## [ABOUT THIS TASK]
From the entries below, output the line with "msp.add_blockref('Grid - M_Grid" and each following line up to and including the line with "dim.commit()", exactly as written.

## [DATA]
○ ○ ○ ○
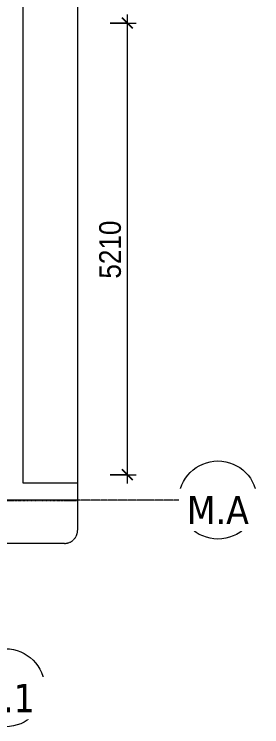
# Model space of a CAD drawing. Header units: millimetres. Extents: x 60855 to 206000, y 5274 to 78634.
# Drawn here: x 203151 to 206000, y 5274 to 13489 of the extents above; entities that cross this region are included whole.
import ezdxf

# ---------------------------------------------------------------- set-up
doc = ezdxf.new("R2010")
doc.units = ezdxf.units.MM
for name, pattern in [('Dash - Tight', [4.5, 3, -1.5]), ('Double dash', [41.999998, 12, -6, 6, -6, 6, -6]), ('Grid Line', [22.225, 12.7, -3.175, 3.175, -3.175]), ('Hidden', [7.14375, 4.7625, -2.38125])]:
    doc.linetypes.add(name, pattern=pattern)
for name, color, linetype, lineweight in [('A-ANNO-DIMS', 211, 'Continuous', 9), ('A-ANNO-DIMS-100', 211, 'Continuous', 9), ('A-DETL-GENF-2', 92, 'Dash - Tight', 9), ('A-DETL-GENF-3', 92, 'Hidden', 18), ('A-WALL', 113, 'Continuous', 9), ('C-PROP-LINE', 91, 'Double dash', 25), ('S-GRID-1', 1, 'Grid Line', 9), ('S-GRID-IDEN', 1, 'Continuous', 9)]:
    doc.layers.add(name, color=color, linetype=linetype, lineweight=lineweight)
doc.styles.add('Tahoma_B_1', font='tahomabd.ttf', dxfattribs={"height": 325})
doc.styles.add('UTM Avo_1', font='', dxfattribs={"width": 0.9, "height": 250})
doc.styles.get('UTM Avo_1').set_extended_font_data('UTM Avo')
doc.dimstyles.new('1_Dim_chi_tiet_2_5_1', dxfattribs={"dimscale": 304.8, "dimtxt": 249.825237, "dimasz": 0.393701, "dimexe": 0.328084, "dimexo": 0.0625, "dimgap": 0.032808, "dimtad": 1, "dimdec": 0, "dimrnd": 5, "dimzin": 0, "dimdsep": 46, "dimtxsty": 'UTM Avo_1', "dimblk1": 'OBLIQUE', "dimblk2": 'OBLIQUE', "dimsah": 1, "dimcen": 0.09, "dimdle": 0.328084, "dimazin": 0, "dimtfac": 1, "dimtdec": 4, "dimtix": 1, "dimtmove": 0, "dimatfit": 3, "dimfxl": 0.656168, "dimfxlon": 1, "dimtvp": 1, "dimtolj": 1, "dimtzin": 0, "dimarcsym": 2})

# ---------------------------------------------------------------- blocks, each defined once
blk = doc.blocks.new('Family - ___-1476882-TKCS_NHÀ XE 2 - MẶT BẰNG MÁI')
at = {"layer": 'C-PROP-LINE'}
blk.add_line((43902.6, 7888.2), (72282.9, 7888.2), dxfattribs=at)
blk = doc.blocks.new('BORDER VIEW - BORDER VIEW-2362323-TKCS_NHÀ XE 2 - MẶT BẰNG MÁI')
at = {"layer": 'A-DETL-GENF-3'}
for p, q in [((28380.3, 7900.5), (28380.3, 150)), ((28230.3, 0), (150, 0))]:
    blk.add_line(p, q, dxfattribs=at)
blk.add_arc((28230.3, 150), 150, 270, 360, dxfattribs=at)
blk = doc.blocks.new('Grid - M_Grid Head - Circle-353313-TKCS_NHÀ XE 2 - MẶT BẰNG MÁI')
at = {"layer": 'S-GRID-IDEN'}
blk.add_circle((0, 0), 4.5, dxfattribs=at)
blk = doc.blocks.new('DIMBLOCK78-TKCS_NHÀ XE 2 - MẶT BẰNG MÁI')
at = {"layer": 'A-ANNO-DIMS-100'}
for p, q in [((204452.9, 8079.3), (204452.9, 13487.2)), ((204252.9, 13387.2), (204552.9, 13387.2)), ((204452.9, 13387.2), (204252.9, 13387.2)), ((204252.9, 8179.3), (204552.9, 8179.3)), ((204452.9, 8179.3), (204252.9, 8179.3))]:
    blk.add_line(p, q, dxfattribs=at)
at = {"layer": 'A-ANNO-DIMS-100', "lineweight": 25}
for p, q in [((204452.9, 13387.2), (204392.9, 13447.2)), ((204452.9, 13387.2), (204512.9, 13327.2)), ((204452.9, 8179.3), (204392.9, 8239.3)), ((204452.9, 8179.3), (204512.9, 8119.3))]:
    blk.add_line(p, q, dxfattribs=at)
at = {"layer": 'A-ANNO-DIMS-100', "color": 0, "insert": (204128.2, 10440.9), "char_height": 250, "width": 821.647, "attachment_point": 1, "rotation": 90, "line_spacing_factor": 1.110334, "style": 'UTM Avo_1'}
blk.add_mtext('5210', dxfattribs=at)
blk = doc.blocks.new('_Oblique')
at = {"color": 0, "linetype": 'ByBlock', "lineweight": -2}
blk.add_line((-0.5, -0.5), (0.5, 0.5), dxfattribs=at)

msp = doc.modelspace()

# ---------------------------------------------------------------- linework, layer by layer
at = {"layer": 'A-WALL'}
for p, q in [((203249.3, 14788.2), (203249.3, 8088.2)), ((203249.3, 8088.2), (203879.7, 8088.2)), ((203879.7, 7888.2), (203049.3, 7888.2))]:
    msp.add_line(p, q, dxfattribs=at)
at = {"layer": 'S-GRID-1'}
for p, q in [((203202.1, 7888.2), (201409.2, 7888.2)), ((203252.9, 7888.2), (203202.1, 7888.2))]:
    msp.add_line(p, q, dxfattribs=at)

# ---------------------------------------------------------------- block references
at = {"layer": 'A-DETL-GENF-2'}
msp.add_blockref('BORDER VIEW - BORDER VIEW-2362323-TKCS_NHÀ XE 2 - MẶT BẰNG MÁI', (175499.3, 7388.2), dxfattribs=at)
at = {"layer": 'C-PROP-LINE'}
msp.add_blockref('Family - ___-1476882-TKCS_NHÀ XE 2 - MẶT BẰNG MÁI', (131596.8, 0), dxfattribs=at)
at = {"layer": 'S-GRID-IDEN', "xscale": 99.99999999999993, "yscale": 99.99999999999993, "zscale": 99.99999999999993}
for p, rotation in [((205495.8, 7888.2), 90), ((203049.3, 5723.8), 180)]:
    msp.add_blockref('Grid - M_Grid Head - Circle-353313-TKCS_NHÀ XE 2 - MẶT BẰNG MÁI', p, dxfattribs=dict(at, rotation=rotation))

# ---------------------------------------------------------------- dimensions: what is measured, and where the dimension line sits
at = {"layer": 'A-ANNO-DIMS'}
dim = msp.add_linear_dim(base=(204452.9, 13387.2), p1=(204252.9, 8179.3), p2=(204252.9, 13387.2), angle=90, dimstyle='1_Dim_chi_tiet_2_5_1', override={"dimpost": '<>', "dimfxl": 5207.959473}, dxfattribs=at)
dim.commit()
dim.dimension.update_dxf_attribs({"geometry": 'DIMBLOCK78-TKCS_NHÀ XE 2 - MẶT BẰNG MÁI', "text_midpoint": (204313.6, 10783.3)})

# ---------------------------------------------------------------- next in the draw order: texts
at = {"layer": 'S-GRID-IDEN', "char_height": 325, "attachment_point": 5, "line_spacing_factor": 0.996129, "style": 'Tahoma_B_1', "bg_fill": 3, "box_fill_scale": 1.25, "bg_fill_color": 256, "bg_fill_true_color": 13158600, "bg_fill_transparency": 0}
for s, insert, width in [('\\pt1269.99925,2539.9985,3810.001,5080.00025,6349.9995,7619.99875,8890.00125,10160.0005,11429.99975,12699.999,13970.0015,15240.00075,16510,17779.99925,19049.9985,20320.001,21590.00025,22859.9995,24129.99875,25400.00125,26670.0005,27939.99975,29209.999,30480.0015,31750.00075,33020,34289.99925,35559.9985,36830.001,38100.00025,39369.9995,40639.99875;M.A', (205494.9, 7773.7), 847), ('\\pt1269.99925,2539.9985,3810.001,5080.00025,6349.9995,7619.99875,8890.00125,10160.0005,11429.99975,12699.999,13970.0015,15240.00075,16510,17779.99925,19049.9985,20320.001,21590.00025,22859.9995,24129.99875,25400.00125,26670.0005,27939.99975,29209.999,30480.0015,31750.00075,33020,34289.99925,35559.9985,36830.001,38100.00025,39369.9995,40639.99875;M.1', (203038.2, 5604.2), 827)]:
    msp.add_mtext(s, dxfattribs=dict(at, insert=insert, width=width))

# ---------------------------------------------------------------- next in the draw order: linework, layer by layer
at = {"layer": 'S-GRID-1'}
msp.add_line((205045.8, 7888.2), (203252.9, 7888.2), dxfattribs=at)

doc.saveas('drawing.dxf')
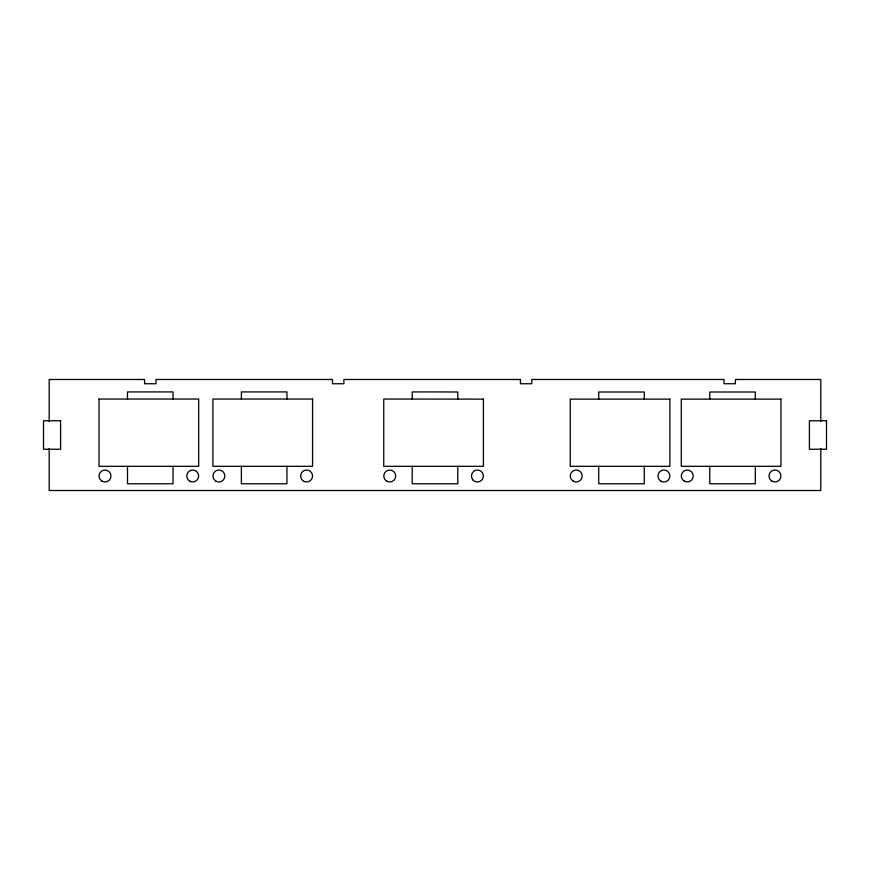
<?xml version="1.0" encoding="UTF-8"?>
<svg xmlns="http://www.w3.org/2000/svg" width="870" height="870" viewBox="0 0 870 870"><rect width="100%" height="100%" fill="white"/><g stroke="black" fill="none" stroke-linecap="round" stroke-linejoin="round"><path stroke-width="1.3" d="M820.801 421.461L820.801 379.483L735.389 379.483L735.389 383.746L724.003 383.746L724.003 379.483L531.809 379.483L531.809 383.746L520.423 383.746L520.423 379.483L343.889 379.483L343.889 383.746L332.503 383.746L332.503 379.483L155.969 379.483L155.969 383.746L144.583 383.746L144.583 379.483L49.198 379.483L49.198 421.461M820.801 448.539L820.801 490.517L49.198 490.517L49.198 448.539M755.323 399.123L755.323 392.011L709.757 392.011L709.757 399.123M755.323 466.32L755.323 483.763L709.757 483.763L709.757 466.32M644.279 399.123L644.279 392.011L598.723 392.011L598.723 399.123M644.279 466.32L644.279 483.763L598.723 483.763L598.723 466.32M457.783 399.123L457.783 392.011L435 391.924L412.217 391.924L412.217 399.047M457.783 466.32L457.783 483.763L412.217 483.763L412.217 466.32M286.937 399.047L286.937 391.924L241.381 391.924L241.381 399.047M286.937 466.32L286.937 483.763L241.381 483.763L241.381 466.32M173.054 399.047L173.054 391.924L127.498 391.924L127.498 399.036M173.054 466.32L173.054 483.763L127.498 483.763L127.498 466.32M99.017 399.047L99.017 466.32L198.675 466.32L198.675 399.047L99.017 399.047M312.569 399.047L212.911 399.047L212.911 466.32L312.569 466.32L312.569 399.047M483.405 399.123L383.746 399.047L383.746 466.32L483.405 466.32L483.405 399.123M669.9 399.123L570.241 399.123L570.241 466.32L669.9 466.32L669.9 399.123M780.945 399.123L681.286 399.123L681.286 466.32L780.945 466.32L780.945 399.123M60.585 420.765L43.5 420.765L43.5 449.235L60.585 449.235L60.585 420.765M826.5 420.765L809.415 420.765L809.415 449.235L826.5 449.235L826.5 420.765M102.007 481.175A5.981 5.981 0 0 0 110.979 475.999A5.981 5.981 0 0 0 102.007 470.822A5.981 5.981 0 0 0 102.007 481.175M215.901 481.175A5.981 5.981 0 0 0 224.873 475.999A5.981 5.981 0 0 0 215.901 470.822A5.981 5.981 0 0 0 215.901 481.175M386.737 481.175A5.981 5.981 0 0 0 395.709 475.999A5.981 5.981 0 0 0 386.737 470.822A5.981 5.981 0 0 0 386.737 481.175M189.703 481.175A5.981 5.981 0 0 0 198.675 475.999A5.981 5.981 0 0 0 189.703 470.822A5.981 5.981 0 0 0 189.703 481.175M303.597 481.175A5.981 5.981 0 0 0 312.569 475.999A5.981 5.981 0 0 0 303.597 470.822A5.981 5.981 0 0 0 303.597 481.175M473.193 480.229A5.981 5.981 0 0 0 483.198 477.543A5.981 5.981 0 0 0 475.879 470.224A5.981 5.981 0 0 0 473.193 480.229M573.232 481.175A5.981 5.981 0 0 0 582.204 475.999A5.981 5.981 0 0 0 573.232 470.822A5.981 5.981 0 0 0 573.232 481.175M660.928 481.175A5.981 5.981 0 0 0 669.9 475.999A5.981 5.981 0 0 0 660.928 470.822A5.981 5.981 0 0 0 660.928 481.175M684.277 481.175A5.981 5.981 0 0 0 693.249 475.999A5.981 5.981 0 0 0 684.277 470.822A5.981 5.981 0 0 0 684.277 481.175M771.973 481.175A5.981 5.981 0 0 0 780.945 475.999A5.981 5.981 0 0 0 771.973 470.822A5.981 5.981 0 0 0 771.973 481.175"/></g></svg>
○ ○ ○ ○
## [SOLUTION TO THE PROBLEM]
    msp.add_blockref('Grid - M_Grid Head - Circle-353313-TKCS_NHÀ XE 2 - MẶT BẰNG MÁI', p, dxfattribs=dict(at, rotation=rotation))

# ---------------------------------------------------------------- dimensions: what is measured, and where the dimension line sits
at = {"layer": 'A-ANNO-DIMS'}
dim = msp.add_linear_dim(base=(204452.9, 13387.2), p1=(204252.9, 8179.3), p2=(204252.9, 13387.2), angle=90, dimstyle='1_Dim_chi_tiet_2_5_1', override={"dimpost": '<>', "dimfxl": 5207.959473}, dxfattribs=at)
dim.commit()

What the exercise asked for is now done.